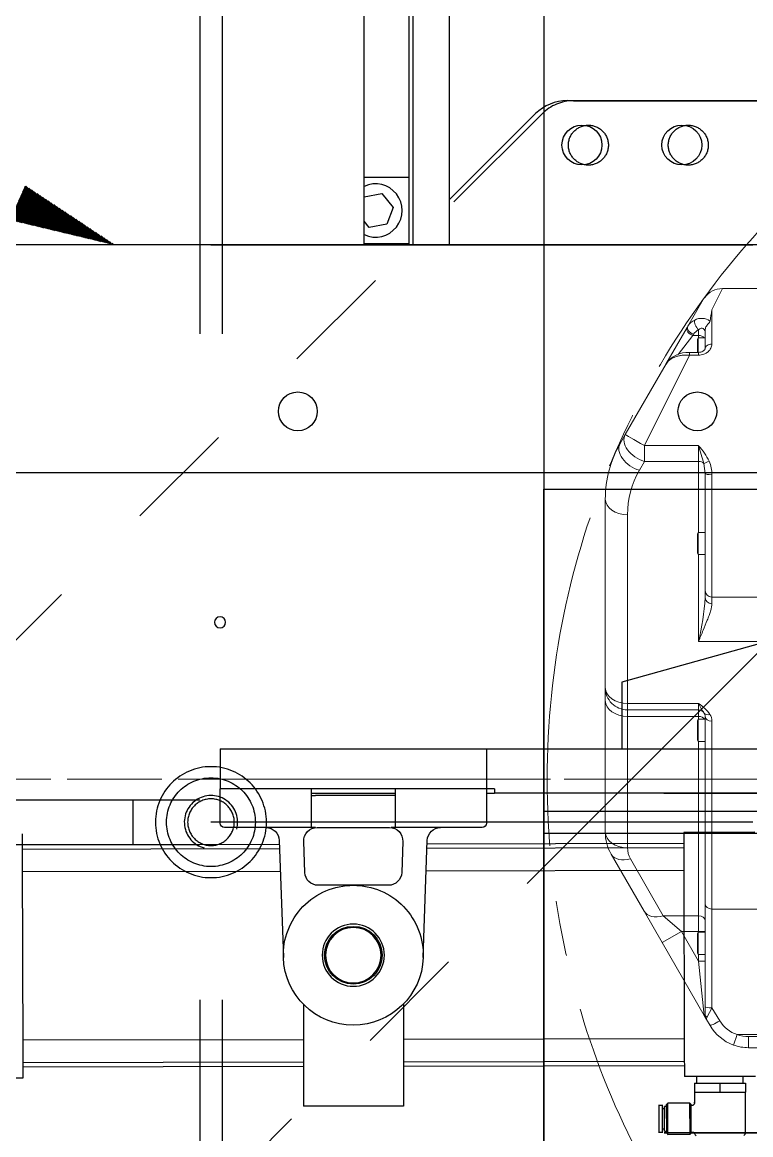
# Model space of a CAD drawing. Header units: millimetres. Extents: x 10462777 to 22643323, y 453826 to 1389191.
# Drawn here: x 11307737 to 11308065, y 596721 to 597222 of the extents above; entities that cross this region are included whole.
import ezdxf

# ---------------------------------------------------------------- set-up
doc = ezdxf.new("R2010")
doc.units = ezdxf.units.MM
doc.header["$LTSCALE"] = 200
doc.header["$MEASUREMENT"] = 0
for name, pattern in [('CENTER', [2, 1.25, -0.25, 0.25, -0.25]), ('CENTER2', [1.125, 0.75, -0.125, 0.125, -0.125]), ('DASHED', [3.5, 2, -1.5]), ('PHANTOM', [2.5, 1.25, -0.25, 0.25, -0.25, 0.25, -0.25])]:
    doc.linetypes.add(name, pattern=pattern)
doc.layers.get('0').update_dxf_attribs({"linetype": 'CONTINUOUS'})
for name, color, linetype in [('1', 1, 'CENTER'), ('2', 2, 'CONTINUOUS'), ('205', 4, 'CONTINUOUS'), ('DV1_DEFAULT', 7, 'CONTINUOUS')]:
    doc.layers.add(name, color=color, linetype=linetype)
doc.layers.add('LAYOUT', color=8, linetype='CONTINUOUS', lineweight=25)
doc.layers.add('TOP$23', color=7, linetype='CONTINUOUS', true_color=0xffffff)

# ---------------------------------------------------------------- blocks, each defined once
blk = doc.blocks.new('r710ic')
at = {"layer": 'DV1_DEFAULT', "color": 1, "linetype": 'CENTER2', "lineweight": 0}
for p, q in [((272041.37, 102141.44), (272041.37, 106426.45)), ((272041.37, 106323.81), (272041.37, 102038.81))]:
    blk.add_line(p, q, dxfattribs=at)
at = {"layer": 'DV1_DEFAULT', "color": 7, "linetype": 'CENTER2', "lineweight": 0}
blk.add_line((272041.37, 104592.6), (272041.37, 103886.38), dxfattribs=at)
at = {"layer": 'DV1_DEFAULT', "color": 7, "linetype": 'Continuous', "lineweight": 0}
for p, q in [((272017.53, 104574.13), (272076.72, 104574.13)), ((272076.72, 104574.13), (272082.57, 104574.13)), ((272082.57, 104574.13), (272167.56, 104574.13)), ((271981.87, 104556.64), (272007.53, 104571.45)), ((272069.65, 104564.13), (272010.45, 104564.13)), ((272072.57, 104564.13), (272069.65, 104564.13)), ((272069.65, 104532.13), (272069.65, 104564.13)), ((272075.5, 104564.13), (272072.57, 104564.13)), ((272072.57, 104532.13), (272072.57, 104564.13)), ((272160.49, 104564.13), (272075.5, 104564.13)), ((272075.5, 104564.13), (272075.5, 104532.13)), ((272192.56, 104567.43), (272196.56, 104565.12)), ((272196.56, 104565.12), (272228.47, 104546.7)), ((272005.45, 104562.79), (271979.8, 104547.98)), ((272184.49, 104556.46), (272180.49, 104558.77)), ((271967.73, 104548.47), (271981.87, 104556.64)), ((272191.59, 104556.46), (272184.49, 104556.46)), ((272184.49, 104532.13), (272184.49, 104556.46)), ((272232.36, 104536.24), (272191.59, 104556.46)), ((272191.59, 104556.46), (272191.59, 104532.13)), ((271934.92, 104529.53), (271967.73, 104548.47)), ((271967.73, 104548.47), (271972.73, 104539.81)), ((271979.8, 104547.98), (271972.73, 104539.81)), ((271979.8, 104547.98), (271979.8, 104532.13)), ((272228.28, 104546.81), (272244.84, 104537.25)), ((272228.6, 104546.62), (272228.47, 104546.7)), ((271972.73, 104539.81), (271959.42, 104532.13)), ((271972.73, 104532.13), (271972.73, 104539.81)), ((272241.22, 104534.65), (272232.63, 104541.36)), ((272232.36, 104532.13), (272232.36, 104536.24)), ((272233.63, 104536.24), (272232.36, 104536.24)), ((272233.63, 104532.13), (272233.63, 104536.24)), ((272241.79, 104534.32), (272241.22, 104534.65)), ((272241.22, 104534.65), (272241.22, 104532.13)), ((272244.84, 104537.25), (272245.41, 104536.92)), ((272245.41, 104536.92), (272257.37, 104530.02)), ((271930.37, 104526.9), (271933.06, 104528.46)), ((271933.06, 104528.46), (271934.92, 104529.53)), ((271934.92, 104529.53), (271959.42, 104532.13)), ((271935.56, 104529.13), (271938.73, 104529.13)), ((271938.73, 104529.13), (271984.97, 104529.13)), ((271959.42, 104532.13), (271962.37, 104532.13)), ((271959.42, 104532.13), (271959.42, 104529.13)), ((271963.06, 104532.63), (271962.37, 104532.23)), ((271972.37, 104532.23), (271962.37, 104532.23)), ((271962.37, 104532.23), (271962.37, 104529.13)), ((271963.06, 104532.63), (271971.68, 104532.63)), ((271972.37, 104532.23), (271971.68, 104532.63)), ((271972.37, 104529.13), (271972.37, 104532.23)), ((271972.37, 104532.13), (271972.73, 104532.13)), ((271972.73, 104532.13), (271979.8, 104532.13)), ((271972.73, 104532.13), (271972.73, 104529.13)), ((271979.8, 104532.13), (272058.38, 104532.13)), ((271984.97, 104529.13), (272069.57, 104529.13)), ((272059.07, 104532.63), (272058.38, 104532.23)), ((272058.38, 104532.23), (272058.38, 104529.13)), ((272068.38, 104532.23), (272058.38, 104532.23)), ((272059.07, 104532.63), (272067.69, 104532.63)), ((272068.38, 104532.23), (272067.69, 104532.63)), ((272068.38, 104529.13), (272068.38, 104532.23)), ((272068.38, 104532.13), (272069.65, 104532.13)), ((272069.65, 104532.13), (272072.57, 104532.13)), ((272072.57, 104532.13), (272075.5, 104532.13)), ((272103.33, 104532.13), (272142.53, 104532.13)), ((272103.33, 104501.13), (272103.33, 104532.13)), ((272123.12, 104529.13), (272126.25, 104529.13)), ((272126.25, 104529.13), (272179.05, 104529.13)), ((272143.22, 104532.63), (272142.53, 104532.23)), ((272142.53, 104532.23), (272142.53, 104529.13)), ((272152.53, 104532.23), (272142.53, 104532.23)), ((272143.22, 104532.63), (272151.83, 104532.63)), ((272152.53, 104532.23), (272151.83, 104532.63)), ((272152.53, 104529.13), (272152.53, 104532.23)), ((272152.53, 104532.13), (272184.49, 104532.13)), ((272179.05, 104529.13), (272183.62, 104529.71)), ((272184.49, 104532.13), (272191.59, 104532.13)), ((272233.63, 104532.13), (272232.36, 104532.13)), ((272233.63, 104532.63), (272239.52, 104532.63)), ((272240.21, 104532.23), (272233.63, 104532.23)), ((272235.4, 104529.13), (272242.51, 104529.13)), ((272240.21, 104532.23), (272239.52, 104532.63)), ((272240.21, 104529.13), (272240.21, 104532.23)), ((272240.21, 104532.13), (272241.22, 104532.13)), ((272240.71, 104529.13), (272240.21, 104529.13)), ((272241.22, 104532.13), (272243.78, 104532.13)), ((272242.51, 104529.13), (272242.57, 104529.13)), ((271938.28, 104526.13), (271932.48, 104522.57)), ((271982.85, 104526.13), (271938.28, 104526.13)), ((272067.45, 104526.13), (271982.85, 104526.13)), ((271982.85, 104526.13), (271982.85, 104501.13)), ((272123.38, 104526.13), (272120.36, 104526.13)), ((272178.5, 104526.13), (272123.38, 104526.13)), ((272123.38, 104526.13), (272123.38, 104501.13)), ((272252.74, 104526.13), (272237.35, 104526.13)), ((272252.74, 104526.13), (272262.37, 104521.35)), ((272262.37, 104501.13), (272262.37, 104521.35)), ((271926.28, 104514.73), (271921.58, 104516.44)), ((271926.28, 104501.13), (271926.28, 104514.73)), ((271925.37, 104509.58), (271920.37, 104509.58)), ((271920.37, 104501.13), (271920.37, 104509.58)), ((271925.37, 104509.58), (271925.37, 104501.13))]:
    blk.add_line(p, q, dxfattribs=at)
at = {"layer": 'DV1_DEFAULT', "color": 3, "linetype": 'CENTER2', "lineweight": 0}
blk.add_circle((272041.37, 104232.63), 367.64, dxfattribs=at)
at = {"layer": 'DV1_DEFAULT', "color": 7, "linetype": 'Continuous', "lineweight": 0}
for centre, radius, start, end in [((272017.53, 104554.13), 20, 90, 120), ((272082.57, 104564.13), 10, 90, 180), ((272167.56, 104524.13), 50, 60, 90), ((272010.45, 104554.13), 10, 90, 120), ((272160.49, 104524.13), 40, 60, 90), ((272221.81, 104536.91), 11.81, 356.736, 56.318), ((272239.03, 104529.82), 5.28, 25.952, 58.5341), ((272241.56, 104530.68), 7.33, 25.4274, 58.3545), ((272242.42, 104530.76), 6.53, 324.4292, 28.022), ((271935.57, 104524.12), 5.01, 90.0379, 119.9621), ((272069.57, 104532.13), 3, 270, 301.1146), ((272058.48, 104543.58), 20.51, 306.0501, 326.0749), ((272086.1, 104509.04), 25.4, 114.6601, 126.1292), ((272069.57, 104532.13), 3, 301.1146, 0), ((272130.26, 104642.94), 114.04, 256.3449, 266.4132), ((272116.8, 104763.93), 243.57, 285.9206, 287.8806), ((272170.35, 104555.35), 31.47, 296.8805, 312.4363), ((272252.37, 104521.36), 10, 55.9672, 60), ((272252.37, 104521.36), 10, 55.9673, 60), ((272252.37, 104521.35), 10, 0.013, 53.063), ((271940.37, 104509.58), 20, 120, 159.9444), ((271975.08, 104601.49), 83.86, 240.7721, 243.9719), ((272067.45, 104532.13), 6, 270, 301.1146), ((272178.79, 104541.16), 15.04, 268.8951, 292.6409), ((272174.88, 104072.6), 460.16, 80.2579, 80.891), ((271940.29, 104510.02), 14.79, 121.9035, 161.4424), ((271940.37, 104509.58), 20, 159.9444, 180), ((271940.37, 104509.58), 15, 159.9444, 180)]:
    blk.add_arc(centre, radius, start, end, dxfattribs=at)
for centre, major_axis, ratio, start_param, end_param in [((272017.53, 104564.13), (0, 10), 0.707107, 0, 1.570796), ((272076.72, 104564.13), (0, 10), 0.707107, 0, 1.570796), ((272082.57, 104564.13), (0, 10), 0.707107, 0, 1.570796), ((272167.56, 104564.13), (0, 10), 0.707107, 0, 1.570796), ((272012.53, 104562.79), (-5, 8.66), 0.654654, 0, 1.209429), ((272187.56, 104558.77), (5, 8.66), 0.654654, 0, 1.932163), ((272191.56, 104556.46), (5, 8.66), 0.654654, 0, 1.932163), ((272191.56, 104556.46), (5, 8.66), 0.002677, 4.713934, 6.283185), ((271986.87, 104547.98), (-5, 8.66), 0.654654, 0, 1.209429), ((272243.34, 104534.65), (-1.5, -2.6), 0.654654, 3.141593, 5.073756), ((272243.91, 104534.32), (-1.5, -2.6), 0.654654, 3.141593, 5.073756), ((272245.9, 104532.13), (-2.66, -1.4), 0.421896, 3.499226, 5.388653), ((271935.56, 104526.13), (0, 3), 0.693222, 0, 0.761413), ((271938.73, 104526.13), (0, 3), 0.150008, 0, 1.570796), ((271977.68, 104532.13), (0, 3), 0.707107, 3.141593, 4.712389), ((271984.97, 104526.13), (0, 3), 0.707107, 0, 1.570796), ((272069.57, 104526.13), (0, 3), 0.707107, 0, 1.570796), ((272067.52, 104532.13), (0, 3), 0.707107, 3.557917, 4.712389), ((272072.67, 104526.99), (-1.55, 2.57), 0.65035, 0, 1.196736), ((272123.12, 104526.13), (0, -3), 0.919953, 3.141593, 4.712389), ((272126.25, 104526.13), (0, -3), 0.95763, 3.141593, 4.712389), ((272179.05, 104526.13), (0, -3), 0.1812, 3.141593, 4.712389), ((272182.36, 104532.13), (0, 3), 0.707107, 3.772753, 4.712389), ((272184.87, 104527.28), (-1.27, 2.72), 0.086679, 0.432154, 1.530323), ((272235.4, 104526.13), (0, -3), 0.647598, 1.570796, 3.141593), ((272239.1, 104532.13), (0, -3), 0.707107, 0.551176, 1.570796), ((271932.87, 104522.57), (2.5, -4.33), 0.067197, 3.141593, 4.673612)]:
    blk.add_ellipse(centre, major_axis=major_axis, ratio=ratio, start_param=start_param, end_param=end_param, dxfattribs=at)
for points, knots in [([(272232.36, 104536.24), (272232.46, 104537.35), (272232.45, 104538.44), (272232.29, 104539.77), (272232.25, 104540.03), (272232.16, 104540.55), (272232.11, 104540.8), (272231.94, 104541.55), (272231.8, 104542.03), (272231.47, 104542.95), (272231.28, 104543.39), (272230.85, 104544.21), (272230.62, 104544.59), (272230.24, 104545.12), (272230.1, 104545.28), (272229.83, 104545.6), (272229.69, 104545.75), (272229.24, 104546.17), (272228.93, 104546.42), (272228.6, 104546.62)], [0, 0, 0, 0, 0.25, 0.25, 0.3125, 0.3125, 0.375, 0.375, 0.5, 0.5, 0.625, 0.625, 0.75, 0.75, 0.8125, 0.8125, 0.875, 0.875, 1, 1, 1, 1]), ([(271934.92, 104529.53), (271934.9, 104529.52), (271934.88, 104529.5), (271934.85, 104529.48), (271934.83, 104529.47), (271934.8, 104529.43), (271934.78, 104529.4), (271934.77, 104529.33), (271934.8, 104529.28), (271934.97, 104529.17), (271935.22, 104529.13), (271935.56, 104529.13)], [0, 0, 0, 0, 0.0625, 0.0625, 0.125, 0.125, 0.25, 0.25, 0.5, 0.5, 1, 1, 1, 1]), ([(272120.36, 104526.13), (272119.85, 104526.13), (272119.31, 104526.19), (272118.17, 104526.41), (272117.58, 104526.56), (272116.34, 104526.93), (272115.7, 104527.15), (272114.36, 104527.64), (272113.66, 104527.9), (272111.52, 104528.76), (272110.01, 104529.39), (272107.61, 104530.39), (272106.78, 104530.73), (272105.52, 104531.25), (272105.09, 104531.43), (272104.44, 104531.69), (272104.22, 104531.78), (272103.78, 104531.95), (272103.56, 104532.04), (272103.33, 104532.13)], [0, 0, 0, 0, 0.125, 0.125, 0.25, 0.25, 0.375, 0.375, 0.5, 0.5, 0.75, 0.75, 0.875, 0.875, 0.9375, 0.9375, 0.96875, 0.96875, 1, 1, 1, 1]), ([(272232.36, 104532.13), (272232.36, 104531.72), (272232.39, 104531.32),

* * *

→ What needs to be done: The exact lines from the beginning of the data through the one that contains "color=8, linetype='CONTINUOUS', lineweight=25)" must be given again, both ends included, and pictures must be left out.

→ Worked solution:
# Model space of a CAD drawing. Header units: millimetres. Extents: x 10462777 to 22643323, y 453826 to 1389191.
# Drawn here: x 11307737 to 11308065, y 596721 to 597222 of the extents above; entities that cross this region are included whole.
import ezdxf

# ---------------------------------------------------------------- set-up
doc = ezdxf.new("R2010")
doc.units = ezdxf.units.MM
doc.header["$LTSCALE"] = 200
doc.header["$MEASUREMENT"] = 0
for name, pattern in [('CENTER', [2, 1.25, -0.25, 0.25, -0.25]), ('CENTER2', [1.125, 0.75, -0.125, 0.125, -0.125]), ('DASHED', [3.5, 2, -1.5]), ('PHANTOM', [2.5, 1.25, -0.25, 0.25, -0.25, 0.25, -0.25])]:
    doc.linetypes.add(name, pattern=pattern)
doc.layers.get('0').update_dxf_attribs({"linetype": 'CONTINUOUS'})
for name, color, linetype in [('1', 1, 'CENTER'), ('2', 2, 'CONTINUOUS'), ('205', 4, 'CONTINUOUS'), ('DV1_DEFAULT', 7, 'CONTINUOUS')]:
    doc.layers.add(name, color=color, linetype=linetype)
doc.layers.add('LAYOUT', color=8, linetype='CONTINUOUS', lineweight=25)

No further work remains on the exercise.